Felizmente, o maior dinossauro da política paulista não voltou à cadeira de prefeito. Contudo, uma grande oportunidade foi perdida na execução da Nova Marginal Tietê, nas gestões do governador José Serra (PSDB) e do prefeito Gilberto Kassab (PFL/DEM/PSD). Anunciada em 2009 com um investimento previsto de R$1,3 bilhão por parte do poder público e de concessionárias de rodovias conectadas à Marginal do Tietê [1], a obra tinha uma inquestionável importância para o fluxo de veículos não só na cidade de São Paulo, mas em toda a Macrometrópole — sobretudo numa época em que menos trechos do Rodoanel estavam concluídos. Apesar de sua relevância, a obra carregava um viés carrocêntrico, não à toa a marginal já se encontra novamente saturada por veículos; não foi cogitada a extensão de transporte em massa sobre trilhos, tal qual há às margens do Rio Pinheiros, entre outras opções de escala mais humana. 
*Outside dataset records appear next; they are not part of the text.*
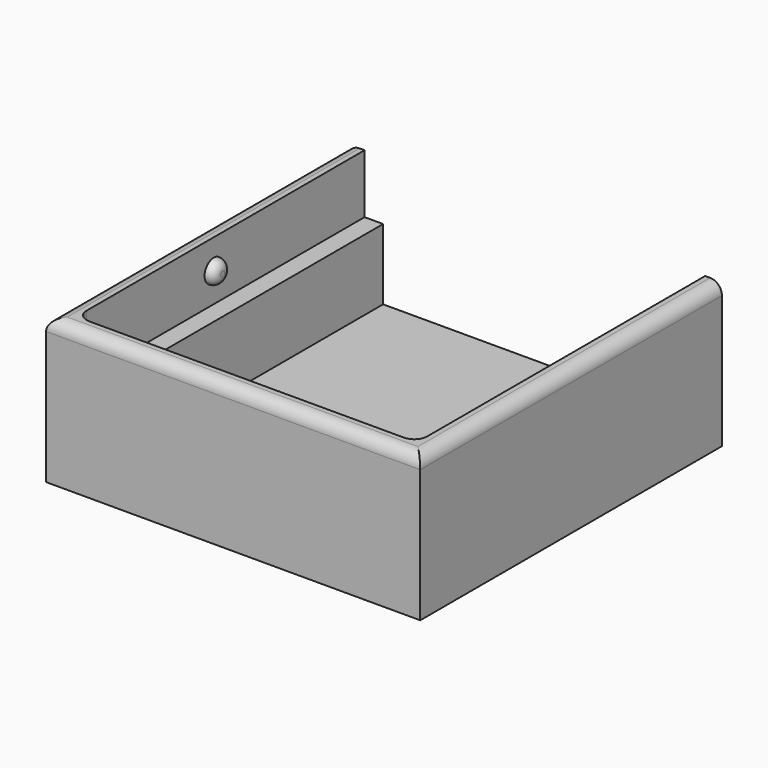
from build123d import *

# Parameters (mm, degrees)
F0_W      = 63.5
F0_H      = 64
F1_DEPTH  = 2.5
F3_DEPTH  = 12
F5_DEPTH  = 10
F6_R      = 2.2
F7_R      = 2
F8_R      = 1.95
F9_DEPTH  = 1.5
F10_R     = 1.49999
F11_R     = 1.95
F12_DEPTH = 1.5
F13_R     = 1.49999


# Not quite as in the source:
# - a fillet or chamfer is up to 0.001 mm smaller than in the source, because OpenCascade refuses the exact size


with BuildPart() as f1:
    # F0 (on Top) → F1 (new body)
    with BuildSketch(Plane.XY):
        Rectangle(F0_W, F0_H)
    extrude(amount=F1_DEPTH)

    # F2 (on face) → F3 (join)
    with BuildSketch(Plane.XY.offset(2.5)):
        Polygon((-25.75, 32), (-31.75, 32), (-31.75, -32), (31.75, -32), (31.75, 32), (25.75, 32), (25.75, -26), (-25.75, -26), align=None)
    extrude(amount=F3_DEPTH)

    # F4 (on face) → F5 (join)
    with BuildSketch(Plane.XY.offset(14.5)):
        Polygon((-28.9, 32), (-31.75, 32), (-31.75, -32), (31.75, -32), (31.75, 32), (28.9, 32), (28.9, -29.15), (-28.9, -29.15), align=None)
    extrude(amount=F5_DEPTH)

    # F6
    f6_edges = [f1.edges().sort_by_distance(p)[0] for p in [
        (-28.9, -29.15, 19.5),
        (28.9, -29.15, 19.5),
    ]]
    fillet(f6_edges, radius=F6_R)

    # F7
    f7_edges = [f1.edges().sort_by_distance(p)[0] for p in [
        (-31.75, 0, 24.5),
        (0, -32, 24.5),
        (31.75, 0, 24.5),
    ]]
    fillet(f7_edges, radius=F7_R)

    # F8 (on face) → F9 (join)
    with BuildSketch(Plane.YZ.offset(-28.9)):
        with Locations((0, 19.5)):
            Circle(F8_R)
    extrude(amount=F9_DEPTH)

    # F10 (radius 1.5 in the source; OpenCascade refuses exactly that, so slightly less here)
    f10_edges = [f1.edges().sort_by_distance(p)[0] for p in [
        (-27.4, -1.95, 19.5),
    ]]
    fillet(f10_edges, radius=F10_R)

    # F11 (on face) → F12 (join)
    with BuildSketch(Plane(origin=(28.9, 0, 0), x_dir=(0, -1, 0), z_dir=(-1, 0, 0))):
        with Locations((0, 19.5)):
            Circle(F11_R)
    extrude(amount=F12_DEPTH)

    # F13 (radius 1.5 in the source; OpenCascade refuses exactly that, so slightly less here)
    f13_edges = [f1.edges().sort_by_distance(p)[0] for p in [
        (27.4, 1.95, 19.5),
    ]]
    fillet(f13_edges, radius=F13_R)


solid = f1.part

Ainda assim, a Nova Marginal teve um importante trabalho paisagístico com o plantio de árvores que hoje já se apresentam cada vez mais frondosas, além da já mencionada importância para o tráfego rodoviário.
 
O caso do rio Tamanduateí, contudo, não é desprezível. Ainda que o rio em si seja inacessível devido às suas paredes verticais, ele está muito mais acessível à população que o Tietê devido às diferenças entre as avenidas que os margeiam. Ainda que a Avenida do Estado tenha alto fluxo e calçadas estreitas, a existência de semáforos e cruzamentos torna sua escala muito mais humana. Além disso, apesar de boa parte das áreas por onde passa serem consideravelmente degradadas, ainda há atrativos culturais e comerciais que tornam a população mais próxima ao Rio Tamanduateí: às suas margens estão o Museu Catavento, o Mercado Municipal, a Feira da Madrugada, a Zona Cerealista e o Sesc Parque Dom Pedro II, no lugar onde anteriormente estiveram os lendários edifícios São Vito e Mercúrio. É importante ressaltar, no entanto, que aqui me refiro a seu trecho na região central, já que seus outros trechos têm uma série de outras particularidades, passando pelo tamponamento do rio e pela existência do Expresso Tiradentes.
 
Nessa região da cidade, o projeto de revitalização do Parque Dom Pedro II propunha um importante diálogo com a água e as dinâmicas fluvial e pluvial da região, incluindo uma lagoa em meio ao parque reformulado. O projeto, cotado em R$1,5 bilhão em 2012 [2], tinha o fator financeiro como um grande empecilho para sua execução; assim, o que temos do projeto em 2021 é somente o Sesc de contêineres que será substituído pelo prédio proposto na altura do lançamento do projeto de revitalização do Parque Dom Pedro II.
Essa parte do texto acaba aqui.